Welcome to The Harmonic Series, a daily(ish) music review series - exclusive to Steemit - where I’ll be discussing music across many different styles and genres from metal, to electronic music, to jazz and beyond! I’ll be talking up exciting new releases, some of my personal classics, and anything else that I think is worth checking out. Some of the reviews I share will be brand new, and some will be from my personal archives.
Today's review is one of my favorite albums of the year so far, by one of my favorite bands:
Kayo Dot - Plastic House on Base of Sky (The Flenser, 2016)
Genre: Rock, Electronic
Style: Prog, New-wave, Avant-Garde
Kayo Dot is a band like no other. Over their sizable eight album, thirteen year career, they’ve plumbed the depths of numerous styles of metal, avant-garde music, and modern composition to create unique, singular music with meticulous craftsmanship and nearly unparalleled vision. Fans of the band commonly speak in impassioned terms about their music, most commonly their debut album Choirs of the Eye, and many - myself included - cite it as one of the greatest albums of all time. After the blackened-psych-prog chaos of 2013’s 100-minute long epic Hubardo - what I consider to be one of the bands greatest works - I, among others, was perplexed with the stylistic shift of 2014’s Coffins on Io. Metal was certainly no longer the central focus as the band turned towards a more electronic and arguably retro sound, but the darkness at the core of the music remained, as the band began to once again to reshape ideas of what “metal” can be. Though Coffins was a relative non-sequitur in the bands catalogue, it grew on me as I slowly uncovered its appeal.
When Magnetism, the first single from Plastic House on Base of Sky was released, it was clear the band had committed to a shift in direction. Synths would take the center stage, and intricate multi-layered rhythm would take focus over harmony and dynamics. Frontman and composer Toby Driver expressed in an interview that metal was no longer what interested him in composition. By this point I had realized that there were plenty of bands I could come to if I simply wanted “metal.” The true value in Kayo Dot lay in Driver’s expert compositional voice, and the strongly evocative concept albums they produce. I knew that the context of Coffins would be enlightening when listening to Plastic House, and that Plastic House would in turn frame Coffins in retrospect.
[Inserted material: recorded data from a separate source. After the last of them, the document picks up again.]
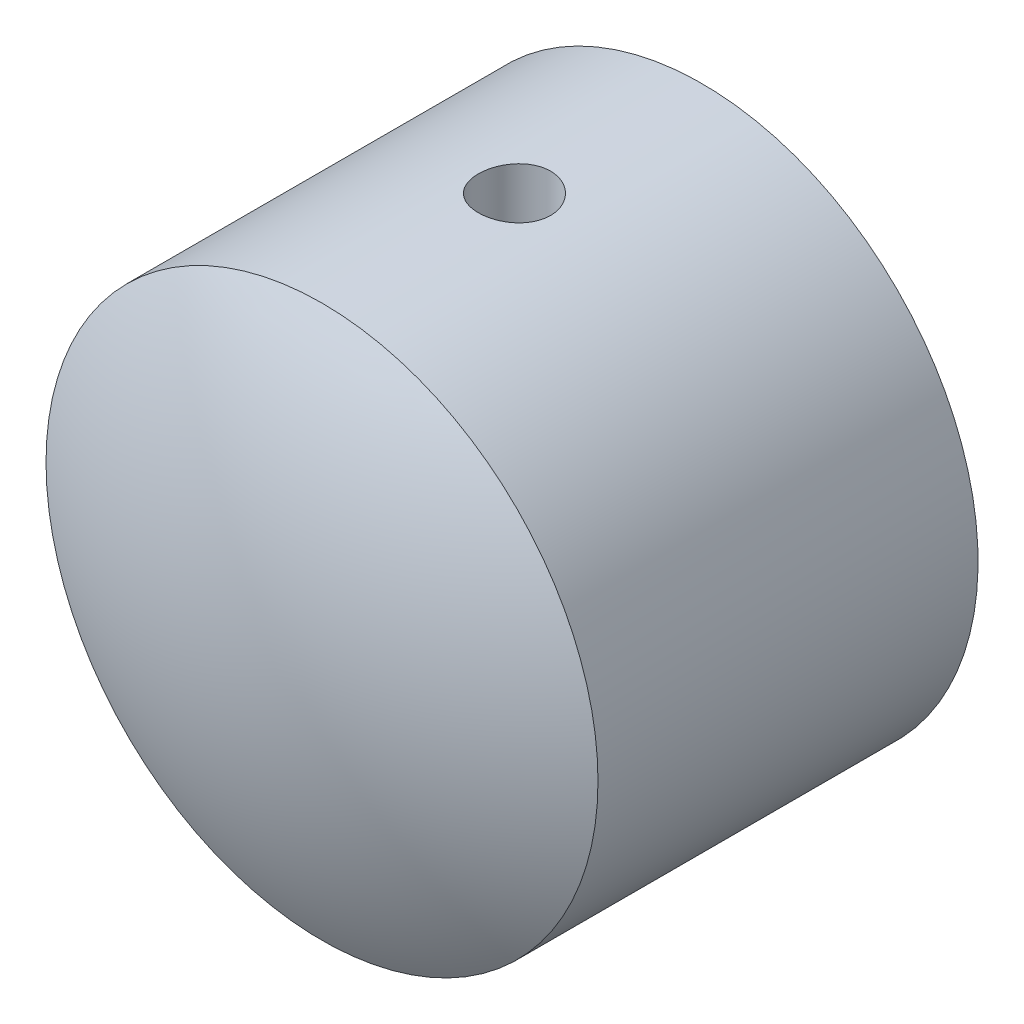
ISO-10303-21;
HEADER;
FILE_DESCRIPTION(('STEP AP214'),'2;1');
FILE_NAME('part.step','',(''),(''),'','','');
FILE_SCHEMA(('AUTOMOTIVE_DESIGN { 1 0 10303 214 1 1 1 1 }'));
ENDSEC;
DATA;
#1=APPLICATION_CONTEXT('core data for automotive mechanical design processes');
#2=APPLICATION_PROTOCOL_DEFINITION('international standard','automotive_design',2000,#1);
#3=PRODUCT_CONTEXT('',#1,'mechanical');
#4=PRODUCT('Part','Part','',(#3));
#5=PRODUCT_RELATED_PRODUCT_CATEGORY('part','',(#4));
#6=PRODUCT_DEFINITION_FORMATION('','',#4);
#7=PRODUCT_DEFINITION_CONTEXT('part definition',#1,'design');
#8=PRODUCT_DEFINITION('design','',#6,#7);
#9=PRODUCT_DEFINITION_SHAPE('','',#8);
#10=(LENGTH_UNIT() NAMED_UNIT(*) SI_UNIT(.MILLI.,.METRE.));
#11=(NAMED_UNIT(*) PLANE_ANGLE_UNIT() SI_UNIT($,.RADIAN.));
#12=(NAMED_UNIT(*) SI_UNIT($,.STERADIAN.) SOLID_ANGLE_UNIT());
#13=UNCERTAINTY_MEASURE_WITH_UNIT(LENGTH_MEASURE(1.E-05),#10,'distance_accuracy_value','');
#14=(GEOMETRIC_REPRESENTATION_CONTEXT(3) GLOBAL_UNCERTAINTY_ASSIGNED_CONTEXT((#13)) GLOBAL_UNIT_ASSIGNED_CONTEXT((#10,
#11,#12)) REPRESENTATION_CONTEXT('',''));
#15=CARTESIAN_POINT('',(0.,0.,0.));
#16=DIRECTION('',(0.,0.,1.));
#17=DIRECTION('',(1.,0.,0.));
#18=AXIS2_PLACEMENT_3D('',#15,#16,#17);
#19=CARTESIAN_POINT('',(67.1144928825525,307.327144706562,47.625));
#20=DIRECTION('',(0.,0.,-1.));
#21=DIRECTION('',(-1.,0.,0.));
#22=AXIS2_PLACEMENT_3D('',#19,#20,#21);
#23=CYLINDRICAL_SURFACE('',#22,36.4267675437894);
#24=CARTESIAN_POINT('',(67.1144928825528,270.900377162773,26.9874999999998));
#25=CARTESIAN_POINT('',(67.3807861241553,270.900381014889,26.9874887516836));
#26=CARTESIAN_POINT('',(67.6472432346548,270.903328005808,26.9650901565895));
#27=CARTESIAN_POINT('',(68.1727357439868,270.914800637117,26.8760953817906));
#28=CARTESIAN_POINT('',(68.4317632186264,270.923332018394,26.8094537181482));
#29=CARTESIAN_POINT('',(68.9347133640755,270.945012830305,26.6339759077728));
#30=CARTESIAN_POINT('',(69.1786463364318,270.958159069622,26.5251689142879));
#31=CARTESIAN_POINT('',(69.6447460131086,270.987609502614,26.2685145129294));
#32=CARTESIAN_POINT('',(69.8669162897577,271.003913176685,26.1206735272262));
#33=CARTESIAN_POINT('',(70.2845614529954,271.03796913155,25.7892001819833));
#34=CARTESIAN_POINT('',(70.4798869022755,271.055728707038,25.605380266732));
#35=CARTESIAN_POINT('',(70.8370103149681,271.09063640758,25.2075700118016));
#36=CARTESIAN_POINT('',(70.9988065249047,271.107784500616,24.9935780952027));
#37=CARTESIAN_POINT('',(71.2848409860774,271.139599166054,24.5405196705663));
#38=CARTESIAN_POINT('',(71.4089381977963,271.154256331489,24.3013634009049));
#39=CARTESIAN_POINT('',(71.6151511670651,271.179332535277,23.805380734277));
#40=CARTESIAN_POINT('',(71.6972686636197,271.189751749183,23.5485550697633));
#41=CARTESIAN_POINT('',(71.8167348050109,271.205102150723,23.026079865457));
#42=CARTESIAN_POINT('',(71.8543366125666,271.210064360996,22.7604891398812));
#43=CARTESIAN_POINT('',(71.8844875663208,271.214033661954,22.2267243598319));
#44=CARTESIAN_POINT('',(71.877038689033,271.213041013899,21.9585504192074));
#45=CARTESIAN_POINT('',(71.8175073336526,271.205241144207,21.4290011212375));
#46=CARTESIAN_POINT('',(71.7657043801783,271.198470338082,21.1675937272159));
#47=CARTESIAN_POINT('',(71.6193718028579,271.179933863407,20.6572142304974));
#48=CARTESIAN_POINT('',(71.5248412392056,271.168168084993,20.4082424014583));
#49=CARTESIAN_POINT('',(71.2954384627023,271.140926304809,19.9289368938399));
#50=CARTESIAN_POINT('',(71.1604454399105,271.125439220084,19.6986616923306));
#51=CARTESIAN_POINT('',(70.8540360397852,271.092508269374,19.2639271258059));
#52=CARTESIAN_POINT('',(70.6826178408722,271.075064305549,19.0594690526899));
#53=CARTESIAN_POINT('',(70.3066780451414,271.040023412352,18.680550615389));
#54=CARTESIAN_POINT('',(70.1019156403467,271.022426324795,18.5063290919186));
#55=CARTESIAN_POINT('',(69.6659272108465,270.989185295135,18.1946911571787));
#56=CARTESIAN_POINT('',(69.4347011149398,270.973541358286,18.0572748449378));
#57=CARTESIAN_POINT('',(68.9521598923842,270.945958248432,17.8231453242324));
#58=CARTESIAN_POINT('',(68.7008370629001,270.934020504607,17.7264478126355));
#59=CARTESIAN_POINT('',(68.1853303768899,270.915207543798,17.5766942269176));
#60=CARTESIAN_POINT('',(67.9211471801636,270.908332067386,17.5236359163864));
#61=CARTESIAN_POINT('',(67.389483267697,270.90045217565,17.4629781365744));
#62=CARTESIAN_POINT('',(67.1220406781685,270.899405287334,17.4550497951384));
#63=CARTESIAN_POINT('',(66.5896404839542,270.903185650703,17.4840080355571));
#64=CARTESIAN_POINT('',(66.3246828213981,270.908012765247,17.5208935711381));
#65=CARTESIAN_POINT('',(65.805749569647,270.922972348716,17.6381592425366));
#66=CARTESIAN_POINT('',(65.5517377784626,270.933085596716,17.7183818355404));
#67=CARTESIAN_POINT('',(65.0607721660446,270.95748567739,17.9198801043763));
#68=CARTESIAN_POINT('',(64.8238189734916,270.971772663784,18.0411572923033));
#69=CARTESIAN_POINT('',(64.3722328449381,271.003034410468,18.3221126446941));
#70=CARTESIAN_POINT('',(64.1577327475952,271.020023816181,18.4820026658527));
#71=CARTESIAN_POINT('',(63.7584949609788,271.054746030348,18.8353463038362));
#72=CARTESIAN_POINT('',(63.5737585693709,271.072478871172,19.0288013832981));
#73=CARTESIAN_POINT('',(63.2381189270215,271.106821188383,19.4452357124111));
#74=CARTESIAN_POINT('',(63.08743421788,271.123422955958,19.6683918324382));
#75=CARTESIAN_POINT('',(62.8256870754998,271.153494489676,20.1370389638466));
#76=CARTESIAN_POINT('',(62.7146237858622,271.166964323514,20.3825294923359));
#77=CARTESIAN_POINT('',(62.5356227684183,271.189193601434,20.8881832003715));
#78=CARTESIAN_POINT('',(62.4675635889551,271.197966300299,21.1483027783875));
#79=CARTESIAN_POINT('',(62.3761125250798,271.209845429407,21.6764010165034));
#80=CARTESIAN_POINT('',(62.3527183507961,271.212952150131,21.9443792729918));
#81=CARTESIAN_POINT('',(62.351306059454,271.213138572702,22.4784129773044));
#82=CARTESIAN_POINT('',(62.372944561122,271.210263883777,22.7444675660436));
#83=CARTESIAN_POINT('',(62.4602543747032,271.198909675481,23.2691228082971));
#84=CARTESIAN_POINT('',(62.5259256770981,271.190430157322,23.5277234634227));
#85=CARTESIAN_POINT('',(62.6993264677828,271.168836220301,24.0300741336865));
#86=CARTESIAN_POINT('',(62.8070377961547,271.155723802933,24.2738305085817));
#87=CARTESIAN_POINT('',(63.0614273652993,271.126338408777,24.7398653879614));
#88=CARTESIAN_POINT('',(63.2081062748798,271.110065377746,24.9621435237215));
#89=CARTESIAN_POINT('',(63.5375359659515,271.07604381269,25.380665523879));
#90=CARTESIAN_POINT('',(63.7205424025177,271.058285369323,25.5767073660973));
#91=CARTESIAN_POINT('',(64.1168963135129,271.023380410382,25.9354276736346));
#92=CARTESIAN_POINT('',(64.3302509065774,271.006234039562,26.0980982892839));
#93=CARTESIAN_POINT('',(64.7822685276633,270.974405763912,26.3860412856509));
#94=CARTESIAN_POINT('',(65.0210330089337,270.959734392745,26.5111555011815));
#95=CARTESIAN_POINT('',(65.5162472059345,270.93461490601,26.719330554709));
#96=CARTESIAN_POINT('',(65.7726775568158,270.924162249594,26.8024366329723));
#97=CARTESIAN_POINT('',(66.2110809992565,270.911149282279,26.9045637909272));
#98=CARTESIAN_POINT('',(66.3903010440371,270.907129642774,26.9356195756918));
#99=CARTESIAN_POINT('',(66.7511529334709,270.901742279823,26.9770914317823));
#100=CARTESIAN_POINT('',(66.9327847579771,270.900374534239,26.9875076754122));
#101=CARTESIAN_POINT('',(67.1144928825528,270.900377162773,26.9874999999998));
#102=B_SPLINE_CURVE_WITH_KNOTS('',3,(#24,#25,#26,#27,#28,#29,#30,#31,#32,#33,#34,#35,#36,#37,
#38,#39,#40,#41,#42,#43,#44,#45,#46,#47,#48,#49,#50,#51,#52,#53,#54,#55,#56,#57,#58,#59,#60,#61,
#62,#63,#64,#65,#66,#67,#68,#69,#70,#71,#72,#73,#74,#75,#76,#77,#78,#79,#80,#81,#82,#83,#84,#85,
#86,#87,#88,#89,#90,#91,#92,#93,#94,#95,#96,#97,#98,#99,#100,#101),.UNSPECIFIED.,.T.,.F.,(4,2,2,
2,2,2,2,2,2,2,2,2,2,2,2,2,2,2,2,2,2,2,2,2,2,2,2,2,2,2,2,2,2,2,2,2,2,2,4),(0.,0.798215948677364,
1.59725377392052,2.39574012462125,3.19409518402807,3.99672852472909,4.7994038300908,
5.6050461360937,6.41065506575209,7.21166010966651,8.01263001125435,8.80858895056784,
9.6045653980823,10.4029424985758,11.2013595343572,12.0058215909523,12.8102858120247,
13.6150598662385,14.4197926750345,15.2186536340678,16.0174959423803,16.8134535790941,
17.6094405351691,18.4098982230728,19.2103908006327,20.0158835376897,20.821358863332,
21.6245490869639,22.4276981317831,23.224745482981,24.0217926618844,24.8184959228148,
25.6152128585938,26.417749278105,27.2204742564875,28.0265338770913,28.8317235599864,
29.376399545873,29.9210709846511),.UNSPECIFIED.);
#103=CARTESIAN_POINT('',(67.1144928825528,270.900377162773,26.9874999999998));
#104=VERTEX_POINT('',#103);
#105=EDGE_CURVE('E10',#104,#104,#102,.T.);
#106=ORIENTED_EDGE('',*,*,#105,.T.);
#107=EDGE_LOOP('',(#106));
#108=FACE_BOUND('',#107,.T.);
#109=CARTESIAN_POINT('',(67.1144928825525,343.753912250352,26.9874999999998));
#110=CARTESIAN_POINT('',(66.8481996409499,343.753908398235,26.9874887516836));
#111=CARTESIAN_POINT('',(66.5817425304505,343.750961407316,26.9650901565894));
#112=CARTESIAN_POINT('',(66.0562500211185,343.739488776008,26.8760953817905));
#113=CARTESIAN_POINT('',(65.7972225464789,343.730957394731,26.8094537181481));
#114=CARTESIAN_POINT('',(65.2942724010298,343.709276582819,26.6339759077727));
#115=CARTESIAN_POINT('',(65.0503394286735,343.696130343502,26.5251689142877));
#116=CARTESIAN_POINT('',(64.5842397519967,343.666679910511,26.2685145129292));
#117=CARTESIAN_POINT('',(64.3620694753476,343.65037623644,26.1206735272261));
#118=CARTESIAN_POINT('',(63.9444243121099,343.616320281575,25.789200181983));
#119=CARTESIAN_POINT('',(63.7490988628298,343.598560706087,25.6053802667318));
#120=CARTESIAN_POINT('',(63.3919754501373,343.563653005545,25.2075700118013));
#121=CARTESIAN_POINT('',(63.2301792402006,343.546504912509,24.9935780952025));
#122=CARTESIAN_POINT('',(62.944144779028,343.514690247071,24.540519670566));
#123=CARTESIAN_POINT('',(62.8200475673091,343.500033081636,24.3013634009046));
#124=CARTESIAN_POINT('',(62.6138345980404,343.474956877848,23.8053807342767));
#125=CARTESIAN_POINT('',(62.5317171014858,343.464537663942,23.548555069763));
#126=CARTESIAN_POINT('',(62.4122509600946,343.449187262401,23.0260798654566));
#127=CARTESIAN_POINT('',(62.3746491525389,343.444225052129,22.7604891398809));
#128=CARTESIAN_POINT('',(62.3444981987847,343.440255751171,22.2267243598316));
#129=CARTESIAN_POINT('',(62.3519470760726,343.441248399226,21.9585504192071));
#130=CARTESIAN_POINT('',(62.411478431453,343.449048268917,21.4290011212372));
#131=CARTESIAN_POINT('',(62.4632813849273,343.455819075043,21.1675937272156));
#132=CARTESIAN_POINT('',(62.6096139622478,343.474355549718,20.6572142304971));
#133=CARTESIAN_POINT('',(62.7041445259001,343.486121328131,20.408242401458));
#134=CARTESIAN_POINT('',(62.9335473024035,343.513363108316,19.9289368938396));
#135=CARTESIAN_POINT('',(63.0685403251953,343.528850193041,19.6986616923303));
#136=CARTESIAN_POINT('',(63.3749497253205,343.561781143751,19.2639271258057));
#137=CARTESIAN_POINT('',(63.5463679242336,343.579225107576,19.0594690526897));
#138=CARTESIAN_POINT('',(63.9223077199644,343.614266000773,18.6805506153888));
#139=CARTESIAN_POINT('',(64.1270701247591,343.63186308833,18.5063290919184));
#140=CARTESIAN_POINT('',(64.5630585542593,343.66510411799,18.1946911571785));
#141=CARTESIAN_POINT('',(64.794284650166,343.680748054839,18.0572748449376));
#142=CARTESIAN_POINT('',(65.2768258727216,343.708331164693,17.8231453242323));
#143=CARTESIAN_POINT('',(65.5281487022058,343.720268908517,17.7264478126354));
#144=CARTESIAN_POINT('',(66.043655388216,343.739081869326,17.5766942269175));
#145=CARTESIAN_POINT('',(66.3078385849423,343.745957345739,17.5236359163863));
#146=CARTESIAN_POINT('',(66.8395024974089,343.753837237475,17.4629781365744));
#147=CARTESIAN_POINT('',(67.1069450869374,343.75488412579,17.4550497951384));
#148=CARTESIAN_POINT('',(67.6393452811517,343.751103762421,17.4840080355571));
#149=CARTESIAN_POINT('',(67.9043029437078,343.746276647878,17.5208935711381));
#150=CARTESIAN_POINT('',(68.4232361954588,343.731317064409,17.6381592425367));
#151=CARTESIAN_POINT('',(68.6772479866433,343.721203816409,17.7183818355405));
#152=CARTESIAN_POINT('',(69.1682135990613,343.696803735735,17.9198801043764));
#153=CARTESIAN_POINT('',(69.4051667916142,343.68251674934,18.0411572923035));
#154=CARTESIAN_POINT('',(69.8567529201677,343.651255002657,18.3221126446942));
#155=CARTESIAN_POINT('',(70.0712530175106,343.634265596944,18.4820026658529));
#156=CARTESIAN_POINT('',(70.470490804127,343.599543382777,18.8353463038364));
#157=CARTESIAN_POINT('',(70.6552271957349,343.581810541953,19.0288013832984));
#158=CARTESIAN_POINT('',(70.9908668380842,343.547468224741,19.4452357124114));
#159=CARTESIAN_POINT('',(71.1415515472257,343.530866457167,19.6683918324385));
#160=CARTESIAN_POINT('',(71.4032986896059,343.500794923448,20.1370389638469));
#161=CARTESIAN_POINT('',(71.5143619792435,343.487325089611,20.3825294923362));
#162=CARTESIAN_POINT('',(71.6933629966873,343.46509581169,20.8881832003719));
#163=CARTESIAN_POINT('',(71.7614221761506,343.456323112825,21.1483027783878));
#164=CARTESIAN_POINT('',(71.8528732400258,343.444443983718,21.6764010165037));
#165=CARTESIAN_POINT('',(71.8762674143095,343.441337262994,21.9443792729921));
#166=CARTESIAN_POINT('',(71.8776797056516,343.441150840423,22.4784129773047));
#167=CARTESIAN_POINT('',(71.8560412039836,343.444025529348,22.7444675660439));
#168=CARTESIAN_POINT('',(71.7687313904023,343.455379737643,23.2691228082974));
#169=CARTESIAN_POINT('',(71.7030600880074,343.463859255803,23.527723463423));
#170=CARTESIAN_POINT('',(71.5296592973226,343.485453192823,24.0300741336868));
#171=CARTESIAN_POINT('',(71.4219479689507,343.498565610192,24.273830508582));
#172=CARTESIAN_POINT('',(71.1675583998061,343.527951004347,24.7398653879616));
#173=CARTESIAN_POINT('',(71.0208794902256,343.544224035379,24.9621435237218));
#174=CARTESIAN_POINT('',(70.6914497991539,343.578245600435,25.3806655238792));
#175=CARTESIAN_POINT('',(70.5084433625877,343.596004043802,25.5767073660975));
#176=CARTESIAN_POINT('',(70.1120894515924,343.630909002743,25.9354276736348));
#177=CARTESIAN_POINT('',(69.8987348585279,343.648055373562,26.0980982892841));
#178=CARTESIAN_POINT('',(69.446717237442,343.679883649212,26.386041285651));
#179=CARTESIAN_POINT('',(69.2079527561716,343.69455502038,26.5111555011816));
#180=CARTESIAN_POINT('',(68.7127385591707,343.719674507115,26.7193305547091));
#181=CARTESIAN_POINT('',(68.4563082082895,343.730127163531,26.8024366329724));
#182=CARTESIAN_POINT('',(68.0179047658488,343.743140130845,26.9045637909273));
#183=CARTESIAN_POINT('',(67.8386847210681,343.747159770351,26.9356195756919));
#184=CARTESIAN_POINT('',(67.4778328316343,343.752547133302,26.9770914317823));
#185=CARTESIAN_POINT('',(67.2962010071281,343.753914878886,26.9875076754122));
#186=CARTESIAN_POINT('',(67.1144928825525,343.753912250352,26.9874999999998));
#187=B_SPLINE_CURVE_WITH_KNOTS('',3,(#109,#110,#111,#112,#113,#114,#115,#116,#117,#118,#119,
#120,#121,#122,#123,#124,#125,#126,#127,#128,#129,#130,#131,#132,#133,#134,#135,#136,#137,#138,
#139,#140,#141,#142,#143,#144,#145,#146,#147,#148,#149,#150,#151,#152,#153,#154,#155,#156,#157,
#158,#159,#160,#161,#162,#163,#164,#165,#166,#167,#168,#169,#170,#171,#172,#173,#174,#175,#176,
#177,#178,#179,#180,#181,#182,#183,#184,#185,#186),.UNSPECIFIED.,.T.,.F.,(4,2,2,2,2,2,2,2,2,2,2,
2,2,2,2,2,2,2,2,2,2,2,2,2,2,2,2,2,2,2,2,2,2,2,2,2,2,2,4),(0.,0.798215948677341,1.59725377392052,
2.39574012462125,3.19409518402807,3.99672852472908,4.79940383009079,5.6050461360937,
6.41065506575209,7.2116601096665,8.01263001125435,8.80858895056785,9.60456539808231,
10.4029424985758,11.2013595343572,12.0058215909523,12.8102858120247,13.6150598662385,
14.4197926750345,15.2186536340678,16.0174959423803,16.813453579094,17.6094405351691,
18.4098982230728,19.2103908006327,20.0158835376897,20.821358863332,21.6245490869639,
22.4276981317831,23.224745482981,24.0217926618844,24.8184959228148,25.6152128585938,
26.417749278105,27.2204742564875,28.0265338770913,28.8317235599864,29.376399545873,
29.9210709846511),.UNSPECIFIED.);
#188=CARTESIAN_POINT('',(67.1144928825525,343.753912250352,26.9874999999998));
#189=VERTEX_POINT('',#188);
#190=EDGE_CURVE('E41',#189,#189,#187,.T.);
#191=ORIENTED_EDGE('',*,*,#190,.T.);
#192=EDGE_LOOP('',(#191));
#193=FACE_BOUND('',#192,.T.);
#194=CARTESIAN_POINT('',(67.1144928825525,307.327144706562,47.625));
#195=DIRECTION('',(0.,0.,1.));
#196=DIRECTION('',(1.,0.,0.));
#197=AXIS2_PLACEMENT_3D('',#194,#195,#196);
#198=CIRCLE('',#197,36.4267675437894);
#199=CARTESIAN_POINT('',(103.541260426342,307.327144706562,47.625));
#200=VERTEX_POINT('',#199);
#201=EDGE_CURVE('E45',#200,#200,#198,.T.);
#202=ORIENTED_EDGE('',*,*,#201,.F.);
#203=EDGE_LOOP('',(#202));
#204=FACE_BOUND('',#203,.T.);
#205=CARTESIAN_POINT('',(67.1144928825525,307.327144706562,-2.53999999999999));
#206=DIRECTION('',(0.,0.,-1.));
#207=DIRECTION('',(-1.,0.,0.));
#208=AXIS2_PLACEMENT_3D('',#205,#206,#207);
#209=CIRCLE('',#208,36.4267675437894);
#210=CARTESIAN_POINT('',(30.687725338763,307.327144706562,-2.53999999999999));
#211=VERTEX_POINT('',#210);
#212=EDGE_CURVE('E49',#211,#211,#209,.T.);
#213=ORIENTED_EDGE('',*,*,#212,.F.);
#214=EDGE_LOOP('',(#213));
#215=FACE_BOUND('',#214,.T.);
#216=ADVANCED_FACE('F31',(#108,#193,#204,#215),#23,.T.);
#217=CARTESIAN_POINT('',(67.1144928825525,307.327144706562,-17.2665364141349));
#218=DIRECTION('',(0.,0.,-1.));
#219=DIRECTION('',(0.,1.,0.));
#220=AXIS2_PLACEMENT_3D('',#217,#218,#219);
#221=SPHERICAL_SURFACE('',#220,74.4165364141349);
#222=ORIENTED_EDGE('',*,*,#201,.T.);
#223=EDGE_LOOP('',(#222));
#224=FACE_BOUND('',#223,.T.);
#225=ADVANCED_FACE('F62',(#224),#221,.T.);
#226=CARTESIAN_POINT('',(67.1144928825525,307.327144706562,62.3515364141349));
#227=DIRECTION('',(0.,0.,-1.));
#228=DIRECTION('',(0.,-1.,0.));
#229=AXIS2_PLACEMENT_3D('',#226,#227,#228);
#230=SPHERICAL_SURFACE('',#229,74.4165364141349);
#231=ORIENTED_EDGE('',*,*,#212,.T.);
#232=EDGE_LOOP('',(#231));
#233=FACE_BOUND('',#232,.T.);
#234=ADVANCED_FACE('F58',(#233),#230,.T.);
#235=CARTESIAN_POINT('',(67.1144928825528,270.900377162773,22.225));
#236=DIRECTION('',(0.,1.,0.));
#237=DIRECTION('',(0.,0.,1.));
#238=AXIS2_PLACEMENT_3D('',#235,#236,#237);
#239=CYLINDRICAL_SURFACE('',#238,4.76249999999985);
#240=ORIENTED_EDGE('',*,*,#190,.F.);
#241=EDGE_LOOP('',(#240));
#242=FACE_BOUND('',#241,.T.);
#243=ORIENTED_EDGE('',*,*,#105,.F.);
#244=EDGE_LOOP('',(#243));
#245=FACE_BOUND('',#244,.T.);
#246=ADVANCED_FACE('F54',(#242,#245),#239,.F.);
#247=CLOSED_SHELL('',(#216,#225,#234,#246));
#248=MANIFOLD_SOLID_BREP('B2',#247);
#249=ADVANCED_BREP_SHAPE_REPRESENTATION('',(#18,#248),#14);
#250=SHAPE_DEFINITION_REPRESENTATION(#9,#249);
ENDSEC;
END-ISO-10303-21;

The compositional language of this album takes the synthetic elements even further, and places it in stylistic territory that feels uncharted, at least by my own wide measure of musical styles. Crystalline lead synths feel like the counterpart to a duet with Driver’s mostly gentle and ephemeral vocals. Chords and pads are hazy and rich, and function as the backbone of the album’s potent melancholic mood. On Amalia’s Theme for example, the buzzing acid basslines wind and pivot with mechanically jittery drums, and funnel into the central musical theme. The mixed mode melodic theme that set the stage initially returns above a newfound harmonic pattern that adds a nauseous beauty to the aching vocal lines, brushed with just the right amount of reverb. It’s almost too easy to visualize the tracks eponymous seer “swayin' through the Hotel corridors,” intoxicated by the smoke and fumes of decay. The tracks on Plastic House depict a world of modern ruin; of short-circuited smartphones and abandoned satellites, like those that we view the eerily beautiful dead planet from on Rings of Earth. The rotation and revolution of celestial bodies are indicative of the indifference of the vast universe, as humanity lies dead: “all sleep in blue grave.”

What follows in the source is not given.